WHAT IS EXPECTED:
Scan the listing below for the word "board" and copy every line where it occurs.

━━ STORED DATA

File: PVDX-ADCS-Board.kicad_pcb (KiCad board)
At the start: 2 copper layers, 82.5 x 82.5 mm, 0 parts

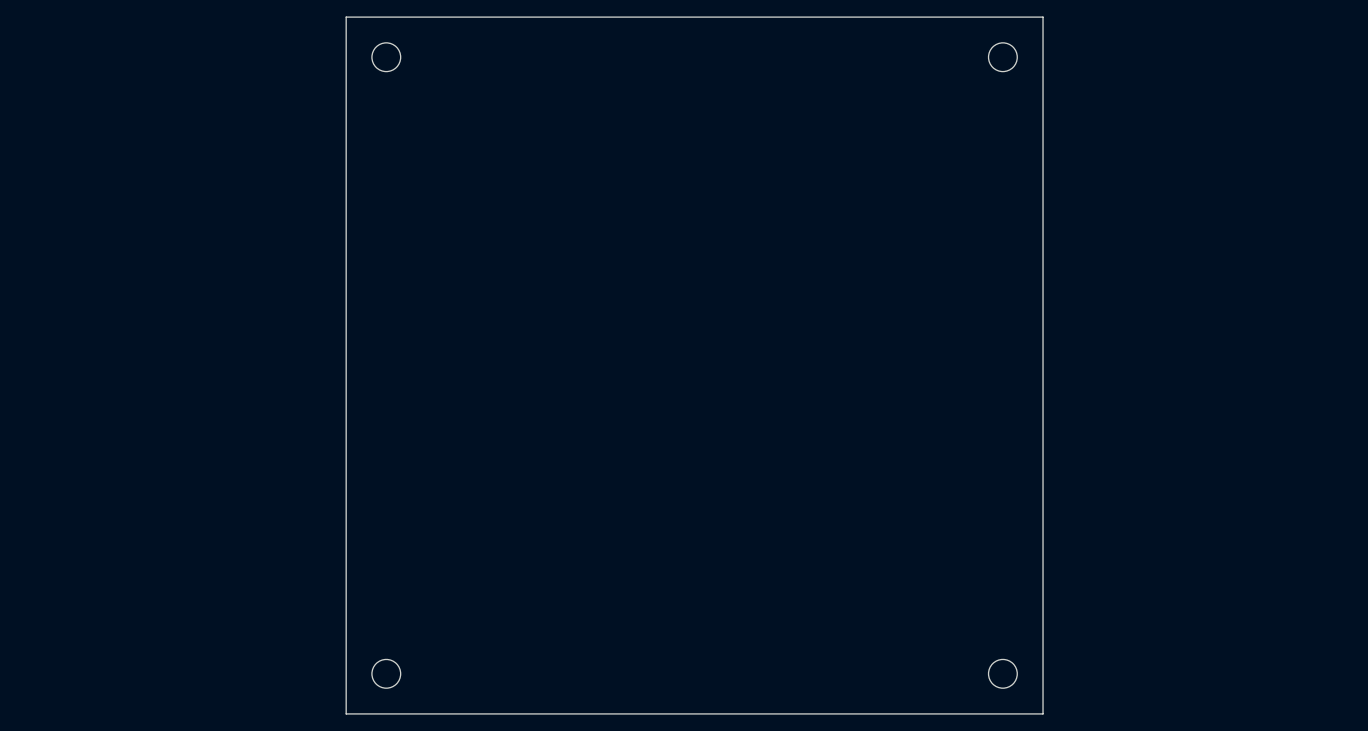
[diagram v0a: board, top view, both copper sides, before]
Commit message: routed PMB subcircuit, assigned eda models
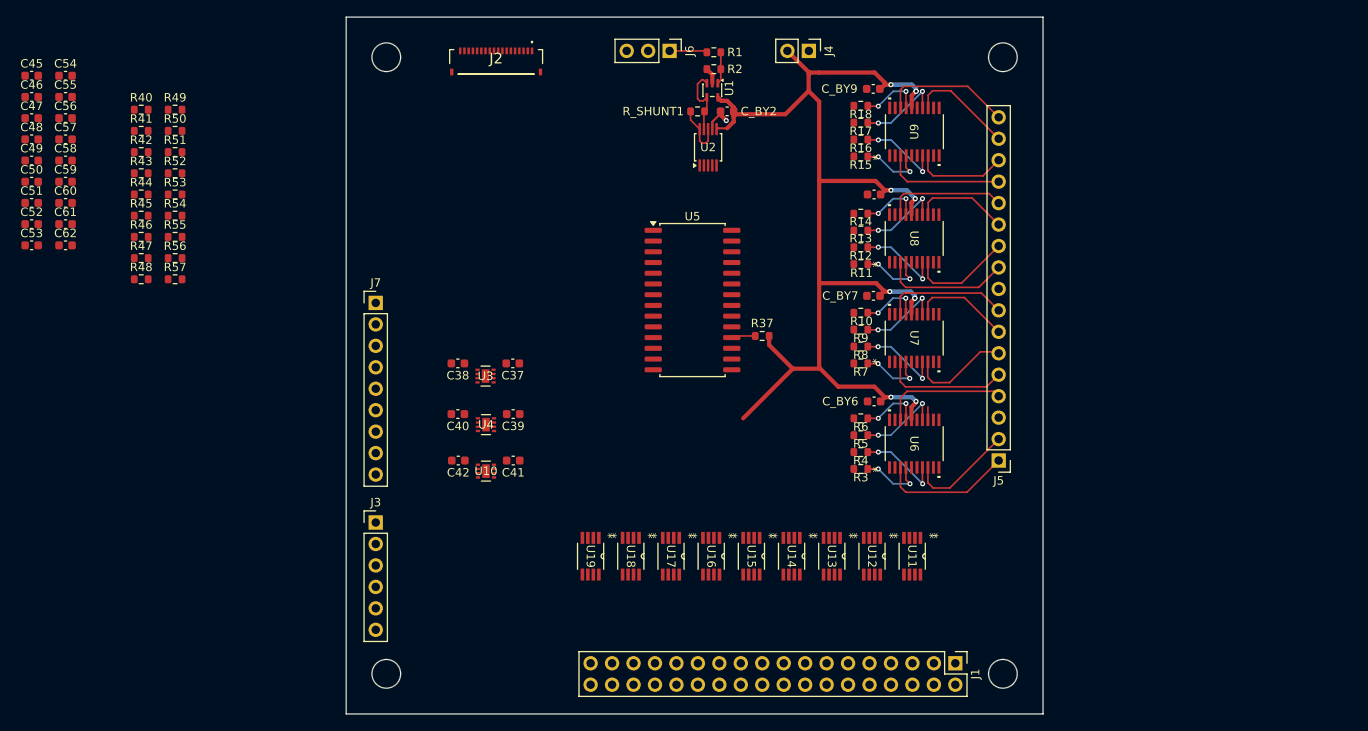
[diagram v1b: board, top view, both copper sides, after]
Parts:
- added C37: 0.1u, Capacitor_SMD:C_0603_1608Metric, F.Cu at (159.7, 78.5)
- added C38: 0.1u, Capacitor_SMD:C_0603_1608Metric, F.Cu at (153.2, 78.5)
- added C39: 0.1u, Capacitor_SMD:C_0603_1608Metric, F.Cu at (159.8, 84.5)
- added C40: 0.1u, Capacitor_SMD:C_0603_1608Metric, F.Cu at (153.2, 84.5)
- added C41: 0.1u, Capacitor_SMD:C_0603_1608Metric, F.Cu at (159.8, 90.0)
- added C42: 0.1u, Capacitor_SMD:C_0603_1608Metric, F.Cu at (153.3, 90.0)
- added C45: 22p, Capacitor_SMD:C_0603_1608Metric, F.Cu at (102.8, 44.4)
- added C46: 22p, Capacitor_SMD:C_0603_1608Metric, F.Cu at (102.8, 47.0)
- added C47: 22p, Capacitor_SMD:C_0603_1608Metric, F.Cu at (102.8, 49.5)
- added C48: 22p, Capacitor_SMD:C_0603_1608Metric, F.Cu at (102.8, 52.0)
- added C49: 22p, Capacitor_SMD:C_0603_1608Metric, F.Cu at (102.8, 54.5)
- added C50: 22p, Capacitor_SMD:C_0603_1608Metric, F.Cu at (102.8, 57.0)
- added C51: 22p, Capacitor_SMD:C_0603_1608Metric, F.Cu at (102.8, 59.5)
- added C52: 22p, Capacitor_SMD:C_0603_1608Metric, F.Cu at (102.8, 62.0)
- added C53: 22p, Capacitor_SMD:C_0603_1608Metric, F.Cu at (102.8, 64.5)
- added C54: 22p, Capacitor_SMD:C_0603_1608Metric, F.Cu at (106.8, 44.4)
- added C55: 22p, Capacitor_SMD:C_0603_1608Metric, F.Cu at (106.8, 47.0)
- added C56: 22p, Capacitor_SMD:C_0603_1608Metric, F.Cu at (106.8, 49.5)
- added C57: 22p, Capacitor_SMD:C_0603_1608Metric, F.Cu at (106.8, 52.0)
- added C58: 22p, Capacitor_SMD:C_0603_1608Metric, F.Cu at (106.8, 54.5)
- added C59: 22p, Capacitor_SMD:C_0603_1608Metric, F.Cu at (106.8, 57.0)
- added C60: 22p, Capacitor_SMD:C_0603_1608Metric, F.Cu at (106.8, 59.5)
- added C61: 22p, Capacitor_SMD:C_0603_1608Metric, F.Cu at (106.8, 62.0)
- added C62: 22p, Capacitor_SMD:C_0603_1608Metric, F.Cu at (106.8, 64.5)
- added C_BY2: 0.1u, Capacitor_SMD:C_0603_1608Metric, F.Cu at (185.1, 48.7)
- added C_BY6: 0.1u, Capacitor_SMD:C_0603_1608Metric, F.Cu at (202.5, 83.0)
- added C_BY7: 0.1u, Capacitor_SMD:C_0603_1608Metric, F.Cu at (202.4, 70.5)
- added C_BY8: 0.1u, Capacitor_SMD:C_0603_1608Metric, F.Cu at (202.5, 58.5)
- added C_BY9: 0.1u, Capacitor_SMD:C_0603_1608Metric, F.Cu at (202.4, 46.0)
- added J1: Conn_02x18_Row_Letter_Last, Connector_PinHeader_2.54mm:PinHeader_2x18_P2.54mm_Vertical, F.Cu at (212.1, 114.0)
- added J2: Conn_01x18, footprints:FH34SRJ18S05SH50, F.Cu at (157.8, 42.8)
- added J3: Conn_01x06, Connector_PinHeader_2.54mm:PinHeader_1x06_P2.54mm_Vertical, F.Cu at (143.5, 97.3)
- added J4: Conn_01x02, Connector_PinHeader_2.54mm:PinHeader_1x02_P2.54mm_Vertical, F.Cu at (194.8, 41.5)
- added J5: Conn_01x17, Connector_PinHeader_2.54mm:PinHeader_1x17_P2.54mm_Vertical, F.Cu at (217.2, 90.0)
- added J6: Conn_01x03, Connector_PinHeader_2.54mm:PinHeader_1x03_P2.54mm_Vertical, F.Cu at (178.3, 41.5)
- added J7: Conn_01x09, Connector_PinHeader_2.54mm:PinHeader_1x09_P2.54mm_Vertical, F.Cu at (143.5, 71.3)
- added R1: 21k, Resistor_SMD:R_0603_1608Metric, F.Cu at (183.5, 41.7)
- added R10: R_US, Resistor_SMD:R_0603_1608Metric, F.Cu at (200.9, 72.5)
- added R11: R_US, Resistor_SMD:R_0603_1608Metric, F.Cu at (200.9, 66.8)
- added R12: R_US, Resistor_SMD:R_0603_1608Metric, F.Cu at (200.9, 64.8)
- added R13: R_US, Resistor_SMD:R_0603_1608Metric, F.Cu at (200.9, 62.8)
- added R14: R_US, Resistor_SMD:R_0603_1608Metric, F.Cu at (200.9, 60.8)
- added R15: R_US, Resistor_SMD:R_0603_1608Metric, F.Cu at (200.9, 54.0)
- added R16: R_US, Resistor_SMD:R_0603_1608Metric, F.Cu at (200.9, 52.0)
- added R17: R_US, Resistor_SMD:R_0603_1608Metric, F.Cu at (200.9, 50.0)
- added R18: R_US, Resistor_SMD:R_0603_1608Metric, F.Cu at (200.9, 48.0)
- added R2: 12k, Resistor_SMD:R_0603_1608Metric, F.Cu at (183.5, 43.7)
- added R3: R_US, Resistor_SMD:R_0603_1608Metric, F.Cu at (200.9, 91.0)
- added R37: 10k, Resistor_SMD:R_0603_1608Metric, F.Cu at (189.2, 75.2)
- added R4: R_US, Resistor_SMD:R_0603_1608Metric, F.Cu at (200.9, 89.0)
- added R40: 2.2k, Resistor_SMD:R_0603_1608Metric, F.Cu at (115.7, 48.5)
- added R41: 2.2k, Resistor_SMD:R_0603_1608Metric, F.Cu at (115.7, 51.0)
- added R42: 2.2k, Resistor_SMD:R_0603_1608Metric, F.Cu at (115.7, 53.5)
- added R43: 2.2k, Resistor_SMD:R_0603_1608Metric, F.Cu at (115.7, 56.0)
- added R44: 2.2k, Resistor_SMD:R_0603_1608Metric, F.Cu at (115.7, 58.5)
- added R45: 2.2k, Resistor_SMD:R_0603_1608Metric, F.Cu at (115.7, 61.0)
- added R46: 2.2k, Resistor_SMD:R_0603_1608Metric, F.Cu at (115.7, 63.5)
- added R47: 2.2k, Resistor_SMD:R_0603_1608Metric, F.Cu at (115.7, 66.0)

━━━━

ANSWER BOX:
File: PVDX-ADCS-Board.kicad_pcb (KiCad board)
[diagram v0a: board, top view, both copper sides, before]
[diagram v1b: board, top view, both copper sides, after]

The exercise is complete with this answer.